Task brief:
Begin at the line containing "circle A0 centre (5, -20) radius 1" and end at the final line of the entries. Please reproduce those lines exactly.
/---
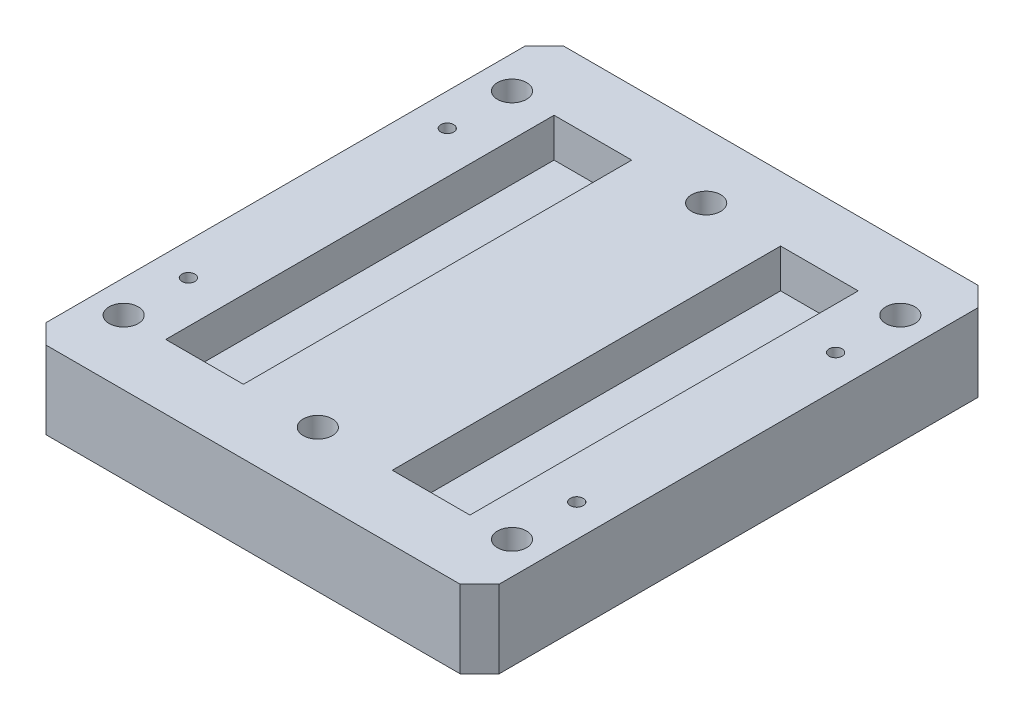
SolidWorks part; units mm, degrees
ref_plane "Plan de face" through (0, 0, 0) normal (0, 0, 1) x (1, 0, 0)
ref_plane "Plan de dessus" through (0, 0, 0) normal (0, 1, 0) x (1, 0, 0)
ref_plane "Plan de droite" through (0, 0, 0) normal (1, 0, 0) x (0, 0, -1)
sketch "Esquisse1" plane through (0, 0, 0) normal (0, 0, 1) x (1, 0, 0)
  line L1 (0, 0) -> (70, 0)
  line L2 (0, 0) -> (0, 12)
  line L3 (0, 12) -> (70, 12)
  line L4 (70, 0) -> (70, 12)
  dimension "D1" = 12
  dimension "D2" = 70
extrude "Boss.-Extru.1" add sketch "Esquisse1" along normal blind 80
sketch "Esquisse2" plane through (0, 0, 80) normal (0, 0, 1) x (1, 0, 0)
  line L0 (35, 0) -> (35, 12) construction
  line L1 (0, 0) -> (70, 0) construction
  line L2 (70, 12) -> (0, 12) construction
  line L3 (58.5, 12) -> (58.5, 6)
  line L4 (23.5, 12) -> (11.5, 12)
  line L5 (23.5, 12) -> (23.5, 6)
  line L6 (23.5, 6) -> (11.5, 6)
  line L7 (11.5, 12) -> (11.5, 6)
  line L8 (46.5, 6) -> (58.5, 6)
  line L9 (46.5, 12) -> (46.5, 6)
  line L10 (46.5, 12) -> (58.5, 12)
  dimension "D1" = 12
  dimension "D2" = 6
  dimension "D3" = 23
extrude "Enlèv. mat.-Extru.1" cut sketch "Esquisse2" against normal through all
sketch "Esquisse4" plane through (0, 12, 0) normal (0, 1, 0) x (1, 0, 0)
  line L0 (0, -10) -> (70, -10) construction
  line L1 (0, -80) -> (0, 0) construction
  line L3 (0, -40) -> (70, -40) construction
  line L4 (70, -80) -> (70, 0) construction
  line L5 (46.5, 0) -> (23.5, 0) construction
  line L6 (0, -70) -> (70, -70) construction
  line L8 (35, -10) -> (35, -70) construction
  circle A0 centre (5, -10) radius 2.25
  circle A1 centre (65, -70) radius 2.25
  circle A2 centre (65, -10) radius 2.25
  circle A3 centre (5, -70) radius 2.25
  circle A4 centre (35, -10) radius 2.25
  circle A5 centre (35, -70) radius 2.25
  dimension "D1" = 4.5
  dimension "D2" = 30
  dimension "D4" = 10
extrude "Enlèv. mat.-Extru.3" cut sketch "Esquisse4" against normal through all
sketch "Esquisse5" plane through (0, 12, 0) normal (0, 1, 0) x (1, 0, 0)
  line L0 (23.5, 0) -> (23.5, -80) construction
  line L1 (11.5, -80) -> (23.5, -80)
  line L2 (11.5, -80) -> (11.5, -70)
  line L3 (11.5, -70) -> (23.5, -70)
  line L4 (23.5, -80) -> (23.5, -70)
  line L5 (35, -80) -> (35, 0) construction
  line L6 (46.5, -80) -> (23.5, -80) construction
  line L7 (46.5, 0) -> (23.5, 0) construction
  line L8 (70, -40) -> (0, -40) construction
  line L9 (70, -80) -> (70, 0) construction
  line L10 (0, -80) -> (0, 0) construction
  line L11 (46.5, -80) -> (46.5, -70)
  line L12 (58.5, -70) -> (46.5, -70)
  line L13 (58.5, -80) -> (58.5, -70)
  line L14 (58.5, -80) -> (46.5, -80)
  line L15 (58.5, 0) -> (46.5, 0)
  line L16 (58.5, 0) -> (58.5, -10)
  line L17 (58.5, -10) -> (46.5, -10)
  line L18 (46.5, 0) -> (46.5, -10)
  line L19 (23.5, 0) -> (23.5, -10)
  line L20 (11.5, -10) -> (23.5, -10)
  line L21 (11.5, 0) -> (11.5, -10)
  line L22 (11.5, 0) -> (23.5, 0)
  dimension "D1" = 10
extrude "Boss.-Extru.2" add sketch "Esquisse5" against normal up to vertex (6 mm away) up to point (46.5, 6, 0)
chamfer "Chanfrein1" distance 3 angle 45 4 edges at (0, 6, 0) (0, 6, 80) (70, 6, 0) (70, 6, 80)
sketch "Esquisse6" plane through (0, 12, 0) normal (0, 1, 0) x (1, 0, 0)
  line L0 (35, -80) -> (35, 0) construction
  line L1 (67, -80) -> (3, -80) construction
  line L2 (67, 0) -> (3, 0) construction
  line L3 (5, -20) -> (35, -20) construction
  line L4 (0, -40) -> (35, -40) construction
  line L5 (0, -77) -> (0, -3) construction
  line L6 (5, -20) -> (5, -40) construction
  line L7 (65, -20) -> (65, -40) construction
  circle A0 centre (5, -20) radius 1
  circle A1 centre (5, -60) radius 1
  circle A2 centre (65, -60) radius 1
  circle A3 centre (65, -20) radius 1
  dimension "D2" = 2
  dimension "D1" = 30
  dimension "D3" = 20
extrude "Enlèv. mat.-Extru.4" cut sketch "Esquisse6" against normal up to vertex (12 mm away) up to point (70, 0, 3)
\---
Your solution:
  circle A0 centre (5, -20) radius 1
  circle A1 centre (5, -60) radius 1
  circle A2 centre (65, -60) radius 1
  circle A3 centre (65, -20) radius 1
  dimension "D2" = 2
  dimension "D1" = 30
  dimension "D3" = 20
extrude "Enlèv. mat.-Extru.4" cut sketch "Esquisse6" against normal up to vertex (12 mm away) up to point (70, 0, 3)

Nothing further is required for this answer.